• ABOUT THIS EXERCISE:
Extract only the lines from the start of the entries below to the line with "#7=PRODUCT_DEFINITION_CONTEXT('part definition',#1,'design');", inclusive; omit every picture.

|---|

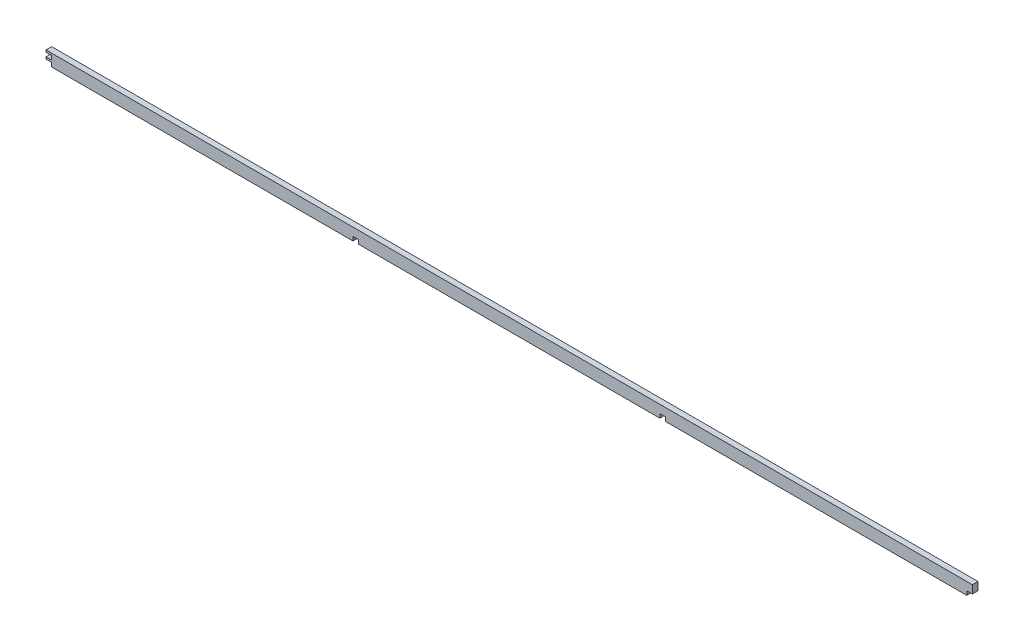
ISO-10303-21;
HEADER;
FILE_DESCRIPTION(('STEP AP214'),'2;1');
FILE_NAME('part.step','',(''),(''),'','','');
FILE_SCHEMA(('AUTOMOTIVE_DESIGN { 1 0 10303 214 1 1 1 1 }'));
ENDSEC;
DATA;
#1=APPLICATION_CONTEXT('core data for automotive mechanical design processes');
#2=APPLICATION_PROTOCOL_DEFINITION('international standard','automotive_design',2000,#1);
#3=PRODUCT_CONTEXT('',#1,'mechanical');
#4=PRODUCT('Part','Part','',(#3));
#5=PRODUCT_RELATED_PRODUCT_CATEGORY('part','',(#4));
#6=PRODUCT_DEFINITION_FORMATION('','',#4);
#7=PRODUCT_DEFINITION_CONTEXT('part definition',#1,'design');
#8=PRODUCT_DEFINITION('design','',#6,#7);
#9=PRODUCT_DEFINITION_SHAPE('','',#8);
#10=(LENGTH_UNIT() NAMED_UNIT(*) SI_UNIT(.MILLI.,.METRE.));
#11=(NAMED_UNIT(*) PLANE_ANGLE_UNIT() SI_UNIT($,.RADIAN.));
#12=(NAMED_UNIT(*) SI_UNIT($,.STERADIAN.) SOLID_ANGLE_UNIT());
#13=UNCERTAINTY_MEASURE_WITH_UNIT(LENGTH_MEASURE(1.E-05),#10,'distance_accuracy_value','');
#14=(GEOMETRIC_REPRESENTATION_CONTEXT(3) GLOBAL_UNCERTAINTY_ASSIGNED_CONTEXT((#13)) GLOBAL_UNIT_ASSIGNED_CONTEXT((#10,
#11,#12)) REPRESENTATION_CONTEXT('',''));
#15=CARTESIAN_POINT('',(0.,0.,0.));
#16=DIRECTION('',(0.,0.,1.));
#17=DIRECTION('',(1.,0.,0.));
#18=AXIS2_PLACEMENT_3D('',#15,#16,#17);
#19=CARTESIAN_POINT('',(229.199999999999,-0.999999999999996,1.4));
#20=DIRECTION('',(-1.,0.,0.));
#21=DIRECTION('',(0.,0.,1.));
#22=AXIS2_PLACEMENT_3D('',#19,#20,#21);
#23=PLANE('',#22);
#24=DIRECTION('',(0.,1.,0.));
#25=VECTOR('',#24,1.);
#26=CARTESIAN_POINT('',(229.199999999999,-0.999999999999996,-1.4));
#27=LINE('',#26,#25);
#28=CARTESIAN_POINT('',(229.199999999999,-0.999999999999996,-1.4));
#29=VERTEX_POINT('',#28);
#30=CARTESIAN_POINT('',(229.199999999999,3.,-1.4));
#31=VERTEX_POINT('',#30);
#32=EDGE_CURVE('E201',#29,#31,#27,.T.);
#33=ORIENTED_EDGE('',*,*,#32,.T.);
#34=DIRECTION('',(0.,0.,-1.));
#35=VECTOR('',#34,1.);
#36=CARTESIAN_POINT('',(229.199999999999,3.,1.4));
#37=LINE('',#36,#35);
#38=CARTESIAN_POINT('',(229.199999999999,3.,1.4));
#39=VERTEX_POINT('',#38);
#40=EDGE_CURVE('E11',#39,#31,#37,.T.);
#41=ORIENTED_EDGE('',*,*,#40,.F.);
#42=DIRECTION('',(0.,1.,0.));
#43=VECTOR('',#42,1.);
#44=CARTESIAN_POINT('',(229.199999999999,-0.999999999999996,1.4));
#45=LINE('',#44,#43);
#46=CARTESIAN_POINT('',(229.199999999999,-0.999999999999996,1.4));
#47=VERTEX_POINT('',#46);
#48=EDGE_CURVE('E239',#47,#39,#45,.T.);
#49=ORIENTED_EDGE('',*,*,#48,.F.);
#50=DIRECTION('',(0.,0.,-1.));
#51=VECTOR('',#50,1.);
#52=CARTESIAN_POINT('',(229.199999999999,-0.999999999999996,1.4));
#53=LINE('',#52,#51);
#54=EDGE_CURVE('E197',#47,#29,#53,.T.);
#55=ORIENTED_EDGE('',*,*,#54,.T.);
#56=EDGE_LOOP('',(#33,#41,#49,#55));
#57=FACE_BOUND('',#56,.T.);
#58=ADVANCED_FACE('F33',(#57),#23,.F.);
#59=CARTESIAN_POINT('',(-232.,3.,1.4));
#60=DIRECTION('',(0.,-1.,0.));
#61=DIRECTION('',(1.,0.,0.));
#62=AXIS2_PLACEMENT_3D('',#59,#60,#61);
#63=PLANE('',#62);
#64=DIRECTION('',(-1.,0.,0.));
#65=VECTOR('',#64,1.);
#66=CARTESIAN_POINT('',(-232.,3.,-1.4));
#67=LINE('',#66,#65);
#68=CARTESIAN_POINT('',(-232.,3.,-1.4));
#69=VERTEX_POINT('',#68);
#70=EDGE_CURVE('E204',#31,#69,#67,.T.);
#71=ORIENTED_EDGE('',*,*,#70,.T.);
#72=DIRECTION('',(0.,0.,-1.));
#73=VECTOR('',#72,1.);
#74=CARTESIAN_POINT('',(-232.,3.,1.4));
#75=LINE('',#74,#73);
#76=CARTESIAN_POINT('',(-232.,3.,1.4));
#77=VERTEX_POINT('',#76);
#78=EDGE_CURVE('E41',#77,#69,#75,.T.);
#79=ORIENTED_EDGE('',*,*,#78,.F.);
#80=DIRECTION('',(-1.,0.,0.));
#81=VECTOR('',#80,1.);
#82=CARTESIAN_POINT('',(-229.200000000001,3.,1.4));
#83=LINE('',#82,#81);
#84=EDGE_CURVE('E128',#39,#77,#83,.T.);
#85=ORIENTED_EDGE('',*,*,#84,.F.);
#86=ORIENTED_EDGE('',*,*,#40,.T.);
#87=EDGE_LOOP('',(#71,#79,#85,#86));
#88=FACE_BOUND('',#87,.T.);
#89=ADVANCED_FACE('F357',(#88),#63,.F.);
#90=CARTESIAN_POINT('',(-232.,2.,1.4));
#91=DIRECTION('',(1.,0.,0.));
#92=DIRECTION('',(0.,0.,-1.));
#93=AXIS2_PLACEMENT_3D('',#90,#91,#92);
#94=PLANE('',#93);
#95=DIRECTION('',(0.,-1.,0.));
#96=VECTOR('',#95,1.);
#97=CARTESIAN_POINT('',(-232.,2.,-1.4));
#98=LINE('',#97,#96);
#99=CARTESIAN_POINT('',(-232.,2.,-1.4));
#100=VERTEX_POINT('',#99);
#101=EDGE_CURVE('E206',#69,#100,#98,.T.);
#102=ORIENTED_EDGE('',*,*,#101,.T.);
#103=DIRECTION('',(0.,0.,-1.));
#104=VECTOR('',#103,1.);
#105=CARTESIAN_POINT('',(-232.,2.,1.4));
#106=LINE('',#105,#104);
#107=CARTESIAN_POINT('',(-232.,2.,1.4));
#108=VERTEX_POINT('',#107);
#109=EDGE_CURVE('E282',#108,#100,#106,.T.);
#110=ORIENTED_EDGE('',*,*,#109,.F.);
#111=DIRECTION('',(0.,-1.,0.));
#112=VECTOR('',#111,1.);
#113=CARTESIAN_POINT('',(-232.,2.,1.4));
#114=LINE('',#113,#112);
#115=EDGE_CURVE('E290',#77,#108,#114,.T.);
#116=ORIENTED_EDGE('',*,*,#115,.F.);
#117=ORIENTED_EDGE('',*,*,#78,.T.);
#118=EDGE_LOOP('',(#102,#110,#116,#117));
#119=FACE_BOUND('',#118,.T.);
#120=ADVANCED_FACE('F288',(#119),#94,.F.);
#121=CARTESIAN_POINT('',(-229.200000000001,2.,1.4));
#122=DIRECTION('',(0.,1.,0.));
#123=DIRECTION('',(-1.,0.,0.));
#124=AXIS2_PLACEMENT_3D('',#121,#122,#123);
#125=PLANE('',#124);
#126=DIRECTION('',(1.,0.,0.));
#127=VECTOR('',#126,1.);
#128=CARTESIAN_POINT('',(-229.200000000001,2.,-1.4));
#129=LINE('',#128,#127);
#130=CARTESIAN_POINT('',(-229.200000000001,2.,-1.4));
#131=VERTEX_POINT('',#130);
#132=EDGE_CURVE('E208',#100,#131,#129,.T.);
#133=ORIENTED_EDGE('',*,*,#132,.T.);
#134=DIRECTION('',(0.,0.,-1.));
#135=VECTOR('',#134,1.);
#136=CARTESIAN_POINT('',(-229.200000000001,2.,1.4));
#137=LINE('',#136,#135);
#138=CARTESIAN_POINT('',(-229.200000000001,2.,1.4));
#139=VERTEX_POINT('',#138);
#140=EDGE_CURVE('E279',#139,#131,#137,.T.);
#141=ORIENTED_EDGE('',*,*,#140,.F.);
#142=DIRECTION('',(1.,0.,0.));
#143=VECTOR('',#142,1.);
#144=CARTESIAN_POINT('',(-229.200000000001,2.,1.4));
#145=LINE('',#144,#143);
#146=EDGE_CURVE('E308',#108,#139,#145,.T.);
#147=ORIENTED_EDGE('',*,*,#146,.F.);
#148=ORIENTED_EDGE('',*,*,#109,.T.);
#149=EDGE_LOOP('',(#133,#141,#147,#148));
#150=FACE_BOUND('',#149,.T.);
#151=ADVANCED_FACE('F299',(#150),#125,.F.);
#152=CARTESIAN_POINT('',(-229.200000000001,0.,1.4));
#153=DIRECTION('',(1.,0.,0.));
#154=DIRECTION('',(0.,0.,-1.));
#155=AXIS2_PLACEMENT_3D('',#152,#153,#154);
#156=PLANE('',#155);
#157=DIRECTION('',(0.,-1.,0.));
#158=VECTOR('',#157,1.);
#159=CARTESIAN_POINT('',(-229.200000000001,0.,-1.4));
#160=LINE('',#159,#158);
#161=CARTESIAN_POINT('',(-229.200000000001,0.,-1.4));
#162=VERTEX_POINT('',#161);
#163=EDGE_CURVE('E210',#131,#162,#160,.T.);
#164=ORIENTED_EDGE('',*,*,#163,.T.);
#165=DIRECTION('',(0.,0.,-1.));
#166=VECTOR('',#165,1.);
#167=CARTESIAN_POINT('',(-229.200000000001,0.,1.4));
#168=LINE('',#167,#166);
#169=CARTESIAN_POINT('',(-229.200000000001,0.,1.4));
#170=VERTEX_POINT('',#169);
#171=EDGE_CURVE('E276',#170,#162,#168,.T.);
#172=ORIENTED_EDGE('',*,*,#171,.F.);
#173=DIRECTION('',(0.,-1.,0.));
#174=VECTOR('',#173,1.);
#175=CARTESIAN_POINT('',(-229.200000000001,0.,1.4));
#176=LINE('',#175,#174);
#177=EDGE_CURVE('E305',#139,#170,#176,.T.);
#178=ORIENTED_EDGE('',*,*,#177,.F.);
#179=ORIENTED_EDGE('',*,*,#140,.T.);
#180=EDGE_LOOP('',(#164,#172,#178,#179));
#181=FACE_BOUND('',#180,.T.);
#182=ADVANCED_FACE('F303',(#181),#156,.F.);
#183=CARTESIAN_POINT('',(-229.200000000001,0.,1.4));
#184=DIRECTION('',(0.,-1.,0.));
#185=DIRECTION('',(1.,0.,0.));
#186=AXIS2_PLACEMENT_3D('',#183,#184,#185);
#187=PLANE('',#186);
#188=DIRECTION('',(-1.,0.,0.));
#189=VECTOR('',#188,1.);
#190=CARTESIAN_POINT('',(-229.200000000001,0.,-1.4));
#191=LINE('',#190,#189);
#192=CARTESIAN_POINT('',(-232.,0.,-1.4));
#193=VERTEX_POINT('',#192);
#194=EDGE_CURVE('E212',#162,#193,#191,.T.);
#195=ORIENTED_EDGE('',*,*,#194,.T.);
#196=DIRECTION('',(0.,0.,-1.));
#197=VECTOR('',#196,1.);
#198=CARTESIAN_POINT('',(-232.,0.,1.4));
#199=LINE('',#198,#197);
#200=CARTESIAN_POINT('',(-232.,0.,1.4));
#201=VERTEX_POINT('',#200);
#202=EDGE_CURVE('E273',#201,#193,#199,.T.);
#203=ORIENTED_EDGE('',*,*,#202,.F.);
#204=DIRECTION('',(-1.,0.,0.));
#205=VECTOR('',#204,1.);
#206=CARTESIAN_POINT('',(-229.200000000001,0.,1.4));
#207=LINE('',#206,#205);
#208=EDGE_CURVE('E307',#170,#201,#207,.T.);
#209=ORIENTED_EDGE('',*,*,#208,.F.);
#210=ORIENTED_EDGE('',*,*,#171,.T.);
#211=EDGE_LOOP('',(#195,#203,#209,#210));
#212=FACE_BOUND('',#211,.T.);
#213=ADVANCED_FACE('F370',(#212),#187,.F.);
#214=CARTESIAN_POINT('',(-232.,0.,1.4));
#215=DIRECTION('',(1.,0.,0.));
#216=DIRECTION('',(0.,0.,-1.));
#217=AXIS2_PLACEMENT_3D('',#214,#215,#216);
#218=PLANE('',#217);
#219=DIRECTION('',(0.,-1.,0.));
#220=VECTOR('',#219,1.);
#221=CARTESIAN_POINT('',(-232.,0.,-1.4));
#222=LINE('',#221,#220);
#223=CARTESIAN_POINT('',(-232.,-0.999999999999996,-1.4));
#224=VERTEX_POINT('',#223);
#225=EDGE_CURVE('E214',#193,#224,#222,.T.);
#226=ORIENTED_EDGE('',*,*,#225,.T.);
#227=DIRECTION('',(0.,0.,-1.));
#228=VECTOR('',#227,1.);
#229=CARTESIAN_POINT('',(-232.,-0.999999999999996,1.4));
#230=LINE('',#229,#228);
#231=CARTESIAN_POINT('',(-232.,-0.999999999999996,1.4));
#232=VERTEX_POINT('',#231);
#233=EDGE_CURVE('E270',#232,#224,#230,.T.);
#234=ORIENTED_EDGE('',*,*,#233,.F.);
#235=DIRECTION('',(0.,-1.,0.));
#236=VECTOR('',#235,1.);
#237=CARTESIAN_POINT('',(-232.,0.,1.4));
#238=LINE('',#237,#236);
#239=EDGE_CURVE('E310',#201,#232,#238,.T.);
#240=ORIENTED_EDGE('',*,*,#239,.F.);
#241=ORIENTED_EDGE('',*,*,#202,.T.);
#242=EDGE_LOOP('',(#226,#234,#240,#241));
#243=FACE_BOUND('',#242,.T.);
#244=ADVANCED_FACE('F373',(#243),#218,.F.);
#245=CARTESIAN_POINT('',(-232.,-0.999999999999996,1.4));
#246=DIRECTION('',(0.,1.,0.));
#247=DIRECTION('',(-1.,0.,0.));
#248=AXIS2_PLACEMENT_3D('',#245,#246,#247);
#249=PLANE('',#248);
#250=DIRECTION('',(1.,0.,0.));
#251=VECTOR('',#250,1.);
#252=CARTESIAN_POINT('',(-232.,-0.999999999999996,-1.4));
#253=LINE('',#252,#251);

|---|

• RESPONSE BOX:
ISO-10303-21;
HEADER;
FILE_DESCRIPTION(('STEP AP214'),'2;1');
FILE_NAME('part.step','',(''),(''),'','','');
FILE_SCHEMA(('AUTOMOTIVE_DESIGN { 1 0 10303 214 1 1 1 1 }'));
ENDSEC;
DATA;
#1=APPLICATION_CONTEXT('core data for automotive mechanical design processes');
#2=APPLICATION_PROTOCOL_DEFINITION('international standard','automotive_design',2000,#1);
#3=PRODUCT_CONTEXT('',#1,'mechanical');
#4=PRODUCT('Part','Part','',(#3));
#5=PRODUCT_RELATED_PRODUCT_CATEGORY('part','',(#4));
#6=PRODUCT_DEFINITION_FORMATION('','',#4);
#7=PRODUCT_DEFINITION_CONTEXT('part definition',#1,'design');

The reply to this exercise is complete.